CMAJ. 2003 Feb 18;168(4):417-20.
Patients who leave hospital against medical advice (AMA) may be at risk of adverse health outcomes and readmission. In this study we examined rates of readmission and predictors of readmission among patients leaving hospital AMA.
We prospectively studied 97 consecutive patients who left the general medicine service of an urban teaching hospital AMA. Each patient was matched according to age, sex and primary diagnosis with a control patient who was discharged routinely. Readmission rates were examined using Kaplan-Meier analysis. Regression models were used to test the hypothesis that readmissions among patients discharged AMA followed a biphasic curve.

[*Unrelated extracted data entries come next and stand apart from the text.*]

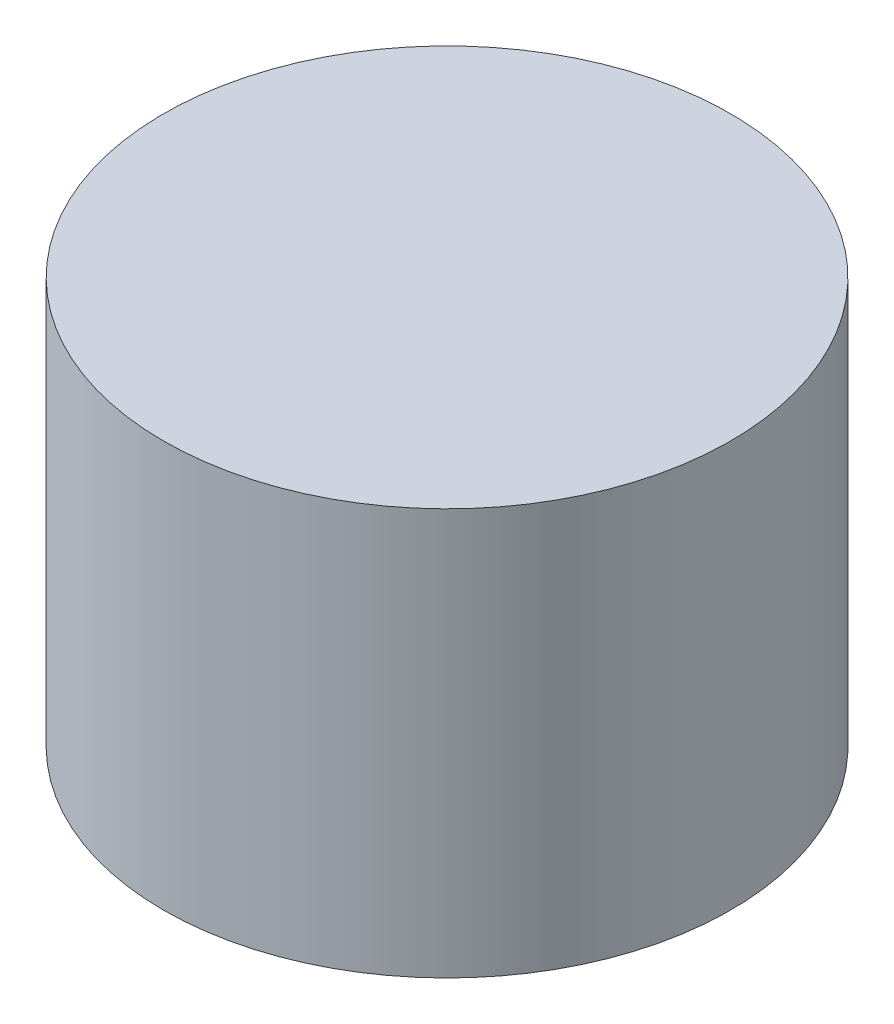
ISO-10303-21;
HEADER;
FILE_DESCRIPTION(('STEP AP214'),'2;1');
FILE_NAME('part.step','',(''),(''),'','','');
FILE_SCHEMA(('AUTOMOTIVE_DESIGN { 1 0 10303 214 1 1 1 1 }'));
ENDSEC;
DATA;
#1=APPLICATION_CONTEXT('core data for automotive mechanical design processes');
#2=APPLICATION_PROTOCOL_DEFINITION('international standard','automotive_design',2000,#1);
#3=PRODUCT_CONTEXT('',#1,'mechanical');
#4=PRODUCT('Part','Part','',(#3));
#5=PRODUCT_RELATED_PRODUCT_CATEGORY('part','',(#4));
#6=PRODUCT_DEFINITION_FORMATION('','',#4);
#7=PRODUCT_DEFINITION_CONTEXT('part definition',#1,'design');
#8=PRODUCT_DEFINITION('design','',#6,#7);
#9=PRODUCT_DEFINITION_SHAPE('','',#8);
#10=(LENGTH_UNIT() NAMED_UNIT(*) SI_UNIT(.MILLI.,.METRE.));
#11=(NAMED_UNIT(*) PLANE_ANGLE_UNIT() SI_UNIT($,.RADIAN.));
#12=(NAMED_UNIT(*) SI_UNIT($,.STERADIAN.) SOLID_ANGLE_UNIT());
#13=UNCERTAINTY_MEASURE_WITH_UNIT(LENGTH_MEASURE(1.E-05),#10,'distance_accuracy_value','');
#14=(GEOMETRIC_REPRESENTATION_CONTEXT(3) GLOBAL_UNCERTAINTY_ASSIGNED_CONTEXT((#13)) GLOBAL_UNIT_ASSIGNED_CONTEXT((#10,
#11,#12)) REPRESENTATION_CONTEXT('',''));
#15=CARTESIAN_POINT('',(0.,0.,0.));
#16=DIRECTION('',(0.,0.,1.));
#17=DIRECTION('',(1.,0.,0.));
#18=AXIS2_PLACEMENT_3D('',#15,#16,#17);
#19=CARTESIAN_POINT('',(0.,21.5,0.));
#20=DIRECTION('',(0.,-1.,0.));
#21=DIRECTION('',(0.,0.,-1.));
#22=AXIS2_PLACEMENT_3D('',#19,#20,#21);
#23=CYLINDRICAL_SURFACE('',#22,15.);
#24=CARTESIAN_POINT('',(0.,21.5,0.));
#25=DIRECTION('',(0.,1.,0.));
#26=DIRECTION('',(0.,0.,1.));
#27=AXIS2_PLACEMENT_3D('',#24,#25,#26);
#28=CIRCLE('',#27,15.);
#29=CARTESIAN_POINT('',(0.,21.5,15.));
#30=VERTEX_POINT('',#29);
#31=EDGE_CURVE('E10',#30,#30,#28,.T.);
#32=ORIENTED_EDGE('',*,*,#31,.F.);
#33=EDGE_LOOP('',(#32));
#34=FACE_BOUND('',#33,.T.);
#35=CARTESIAN_POINT('',(0.,0.,0.));
#36=DIRECTION('',(0.,1.,0.));
#37=DIRECTION('',(0.,0.,1.));
#38=AXIS2_PLACEMENT_3D('',#35,#36,#37);
#39=CIRCLE('',#38,15.);
#40=CARTESIAN_POINT('',(0.,0.,15.));
#41=VERTEX_POINT('',#40);
#42=EDGE_CURVE('E35',#41,#41,#39,.T.);
#43=ORIENTED_EDGE('',*,*,#42,.T.);
#44=EDGE_LOOP('',(#43));
#45=FACE_BOUND('',#44,.T.);
#46=ADVANCED_FACE('F32',(#34,#45),#23,.T.);
#47=CARTESIAN_POINT('',(0.,21.5,0.));
#48=DIRECTION('',(0.,1.,0.));
#49=DIRECTION('',(0.,0.,1.));
#50=AXIS2_PLACEMENT_3D('',#47,#48,#49);
#51=PLANE('',#50);
#52=ORIENTED_EDGE('',*,*,#31,.T.);
#53=EDGE_LOOP('',(#52));
#54=FACE_BOUND('',#53,.T.);
#55=ADVANCED_FACE('F47',(#54),#51,.T.);
#56=CARTESIAN_POINT('',(0.,0.,0.));
#57=DIRECTION('',(0.,1.,0.));
#58=DIRECTION('',(0.,0.,1.));
#59=AXIS2_PLACEMENT_3D('',#56,#57,#58);
#60=PLANE('',#59);
#61=ORIENTED_EDGE('',*,*,#42,.F.);
#62=EDGE_LOOP('',(#61));
#63=FACE_BOUND('',#62,.T.);
#64=ADVANCED_FACE('F45',(#63),#60,.F.);
#65=CLOSED_SHELL('',(#46,#55,#64));
#66=MANIFOLD_SOLID_BREP('B2',#65);
#67=ADVANCED_BREP_SHAPE_REPRESENTATION('',(#18,#66),#14);
#68=SHAPE_DEFINITION_REPRESENTATION(#9,#67);
ENDSEC;
END-ISO-10303-21;

Patients who left AMA were much more likely than the control patients to be readmitted within 15 days (21% v. 3%, p < 0.001). Readmissions occurred at an accelerated pace during the first 15 days, followed by a 75-day period during which readmissions occurred at a rate comparable to that among the control patients. Among the patients who left AMA, being male and having a history of alcohol abuse were significant predictors of readmission within 15 days; however, these characteristics were common among the patients who left AMA. In the Cox proportional hazard models, leaving AMA was the only significant predictor of readmission (adjusted hazard ratio 2.5, 95% confidence interval 1.4-4.4).
The significantly increased risk of readmission among general medicine patients who leave hospital AMA is concentrated in the first 2 weeks after discharge. However, it is difficult to identify which patients will likely be readmitted.
违反医嘱自行出院(AMA)的患者可能面临不良健康后果和再次入院的风险。在本研究中,我们调查了AMA出院患者的再次入院率及再次入院的预测因素。
我们前瞻性地研究了一家城市教学医院普通内科连续97例AMA出院的患者。根据年龄、性别和主要诊断,为每位患者匹配一名常规出院的对照患者。使用Kaplan-Meier分析来检查再次入院率。回归模型用于检验AMA出院患者的再次入院遵循双相曲线这一假设。
AMA出院的患者比对照患者在15天内再次入院的可能性要高得多(21%对3%,p<0.001)。再次入院在最初15天内加速发生,随后是75天的时间段,在此期间再次入院的发生率与对照患者相当。在AMA出院的患者中,男性和有酗酒史是15天内再次入院的显著预测因素;然而,这些特征在AMA出院的患者中很常见。在Cox比例风险模型中,AMA出院是再次入院的唯一显著预测因素(调整后的风险比为2.5,95%置信区间为1.4 - 4.4)。
普通内科AMA出院患者再次入院风险显著增加集中在出院后的前2周。然而,很难确定哪些患者可能会再次入院。